Problem is introduced into

The previous section gave a brief introduction to the single page crawl, involving the request module using URllib and the parse module using BeautifulSoup, which crawls the single page of the linker, processes the page elements we want, and outputs them to the console. We open the page through the browser. There are two sources, one is the known address, such as Google, and the other is to obtain the entry from the previous page, such as the href attribute value in the A tag.

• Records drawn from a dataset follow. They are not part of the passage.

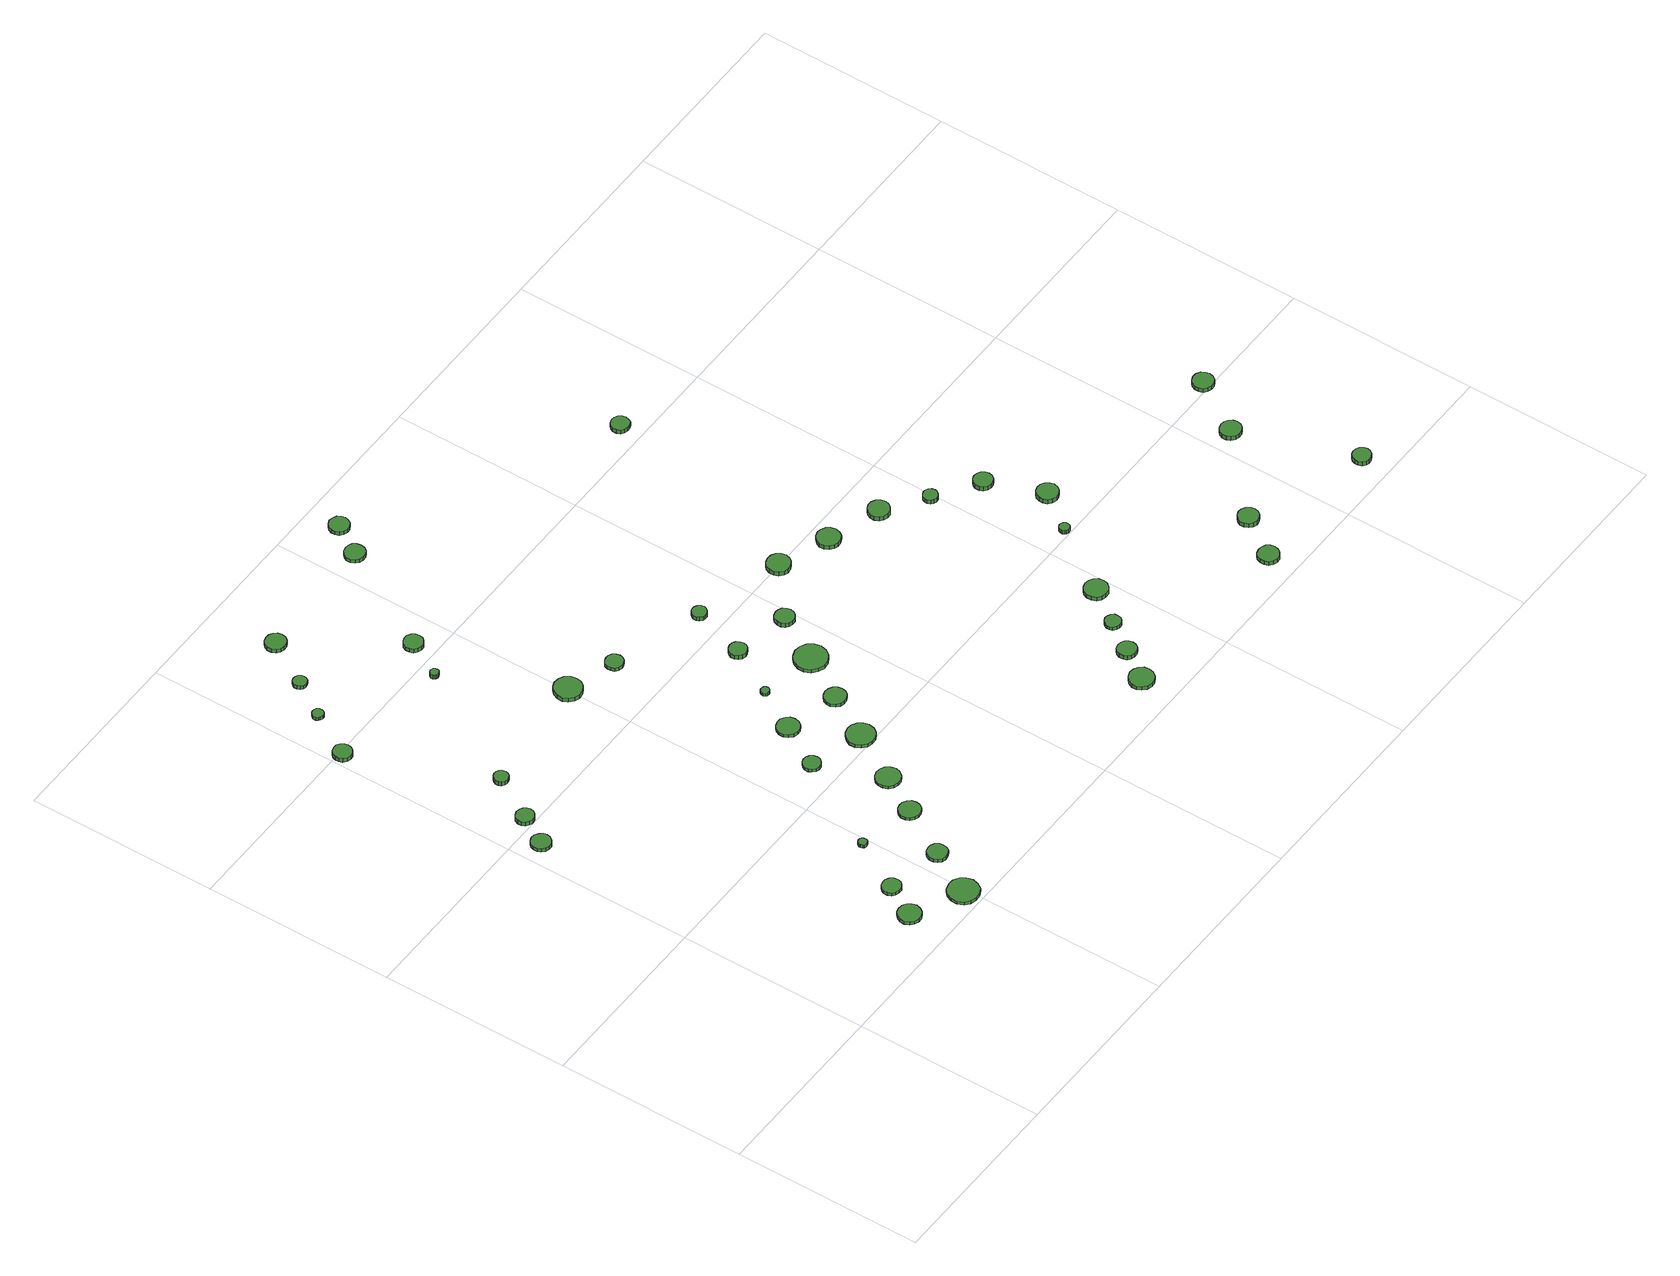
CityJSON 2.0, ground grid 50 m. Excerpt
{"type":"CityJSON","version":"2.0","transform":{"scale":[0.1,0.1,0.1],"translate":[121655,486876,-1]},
"CityObjects":{
"tree1":{"type":"SolitaryVegetationObject","attributes":{"function":"something"},"geometry":[{"type":"MultiSurface","lod":"1","boundaries":[[[0,1,2,3,4,5,6,7,8,9,10,11,12,13,14]],[[15,16,17,18,19,20,21,22,23,24,25,26,27,28,29]],[[0,29,28,1]],[[1,28,27,2]],[[2,27,26,3]],[[3,26,25,4]],[[4,25,24,5]],[[5,24,23,6]],[[6,23,22,7]],[[7,22,21,8]],[[8,21,20,9]],[[9,20,19,10]],[[10,19,18,11]],[[11,18,17,12]],[[12,17,16,13]],[[13,16,15,14]],[[14,15,29,0]]]}]},
"tree2":{"type":"SolitaryVegetationObject","attributes":{"function":"something"},"geometry":[{"type":"MultiSurface","lod":"1","boundaries":[[[30,31,32,33,34,35,36,37,38,39,40,41,42,43,44]],[[45,46,47,48,49,50,51,52,53,54,55,56,57,58,59]],[[30,59,58,31]],[[31,58,57,32]],[[32,57,56,33]],[[33,56,55,34]],[[34,55,54,35]],[[35,54,53,36]],[[36,53,52,37]],[[37,52,51,38]],[[38,51,50,39]],[[39,50,49,40]],[[40,49,48,41]],[[41,48,47,42]],[[42,47,46,43]],[[43,46,45,44]],[[44,45,59,30]]]}]},
"tree3":{"type":"SolitaryVegetationObject","attributes":{"function":"something"},"geometry":[{"type":"MultiSurface","lod":"1","boundaries":[[[60,61,62,63,64,65,66,67,68,69,70,71,72,73,74]],[[75,76,77,78,79,80,81,82,83,84,85,86,87,88,89]],[[60,89,88,61]],[[61,88,87,62]],[[62,87,86,63]],[[63,86,85,64]],[[64,85,84,65]],[[65,84,83,66]],[[66,83,82,67]],[[67,82,81,68]],[[68,81,80,69]],[[69,80,79,70]],[[70,79,78,71]],[[71,78,77,72]],[[72,77,76,73]],[[73,76,75,74]],[[74,75,89,60]]]}]},
"tree4":{"type":"SolitaryVegetationObject","attributes":{"function":"something"},"geometry":[{"type":"MultiSurface","lod":"1","boundaries":[[[90,91,92,93,94,95,96,97,98,99,100,101,102,103,104]],[[105,106,107,108,109,110,111,112,113,114,115,116,117,118,119]],[[90,119,118,91]],[[91,118,117,92]],[[92,117,116,93]],[[93,116,115,94]],[[94,115,114,95]],[[95,114,113,96]],[[96,113,112,97]],[[97,112,111,98]],[[98,111,110,99]],[[99,110,109,100]],[[100,109,108,101]],[[101,108,107,102]],[[102,107,106,103]],[[103,106,105,104]],[[104,105,119,90]]]}]},
"tree5":{"type":"SolitaryVegetationObject","attributes":{"function":"something"},"geometry":[{"type":"MultiSurface","lod":"1","boundaries":[[[120,121,122,123,124,125,126,127,128,129,130,131,132,133,134]],[[135,136,137,138,139,140,141,142,143,144,145,146,147,148,149]],[[120,149,148,121]],[[121,148,147,122]],[[122,147,146,123]],[[123,146,145,124]],[[124,145,144,125]],[[125,144,143,126]],[[126,143,142,127]],[[127,142,141,128]],[[128,141,140,129]],[[129,140,139,130]],[[130,139,138,131]],[[131,138,137,132]],[[132,137,136,133]],[[133,136,135,134]],[[134,135,149,120]]]}]},
"tree6":{"type":"SolitaryVegetationObject","attributes":{"function":"something"},"geometry":[{"type":"MultiSurface","lod":"1","boundaries":[[[150,151,152,153,154,155,156,157,158,159,160,161,162,163,164]],[[165,166,167,168,169,170,171,172,173,174,175,176,177,178,179]],[[150,179,178,151]],[[151,178,177,152]],[[152,177,176,153]],[[153,176,175,154]],[[154,175,174,155]],[[155,174,173,156]],[[156,173,172,157]],[[157,172,171,158]],[[158,171,170,159]],[[159,170,169,160]],[[160,169,168,161]],[[161,168,167,162]],[[162,167,166,163]],[[163,166,165,164]],[[164,165,179,150]]]}]},
"tree7":{"type":"SolitaryVegetationObject","attributes":{"function":"something"},"geometry":[{"type":"MultiSurface","lod":"1","boundaries":[[[180,181,182,183,184,185,186,187,188,189,190,191,192,193,194]],[[195,196,197,198,199,200,201,202,203,204,205,206,207,208,209]],[[180,209,208,181]],[[181,208,207,182]],[[182,207,206,183]],[[183,206,205,184]],[[184,205,204,185]],[[185,204,203,186]],[[186,203,202,187]],[[187,202,201,188]],[[188,201,200,189]],[[189,200,199,190]],[[190,199,198,191]],[[191,198,197,192]],[[192,197,196,193]],[[193,196,195,194]],[[194,195,209,180]]]}]},
"tree8":{"type":"SolitaryVegetationObject","attributes":{"function":"something"},"geometry":[{"type":"MultiSurface","lod":"1","boundaries":[[[210,211,212,213,214,215,216,217,218,219,220,221,222,223,224]],[[225,226,227,228,229,230,231,232,233,234,235,236,237,238,239]],[[210,239,238,211]],[[211,238,237,212]],[[212,237,236,213]],[[213,236,235,214]],[[214,235,234,215]],[[215,234,233,216]],[[216,233,232,217]],[[217,232,231,218]],[[218,231,230,219]],[[219,230,229,220]],[[220,229,228,221]],[[221,228,227,222]],[[222,227,226,223]],[[223,226,225,224]],[[224,225,239,210]]]}]},
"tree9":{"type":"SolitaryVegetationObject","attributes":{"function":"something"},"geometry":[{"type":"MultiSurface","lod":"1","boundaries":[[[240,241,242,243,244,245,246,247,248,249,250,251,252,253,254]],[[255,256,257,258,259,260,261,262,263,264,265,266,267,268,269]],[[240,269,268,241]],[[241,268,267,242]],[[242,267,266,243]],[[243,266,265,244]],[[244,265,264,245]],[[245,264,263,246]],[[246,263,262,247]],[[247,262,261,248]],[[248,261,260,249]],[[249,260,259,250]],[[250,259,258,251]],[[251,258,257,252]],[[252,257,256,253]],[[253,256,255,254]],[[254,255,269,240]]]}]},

Crawler automation is used to obtain the data that the browser can obtain, to simulate the behavior of the browser, get more entrances, and then process the web pages that need to be processed.

Here are a few questions, and better solutions are welcome.

01 simple single page crawler on the single page of the community information to crawl, you can refer to the example code, with the sale of real estate and transaction records of information to do a small case. Is there a better way to request and process web pages?

01 simple single page crawler output to the console, how should subsequent storage modules be organized? How to combine multi-threaded or multi-process crawl?

Thinking is introduced

Previously mentioned, whether it is residential information, in the sale of property information or transaction record information, the total page is more than 100 pages, so through the curve to save the country, the first climb residential information, and then cycle through each residential property in the sale and transaction records. In the process of crawling the community information, it also circulates through the administrative region (county), simulates the browser to click the page to obtain more entrances, and then analyzes the access, continues to weaken the storage module, output to the console.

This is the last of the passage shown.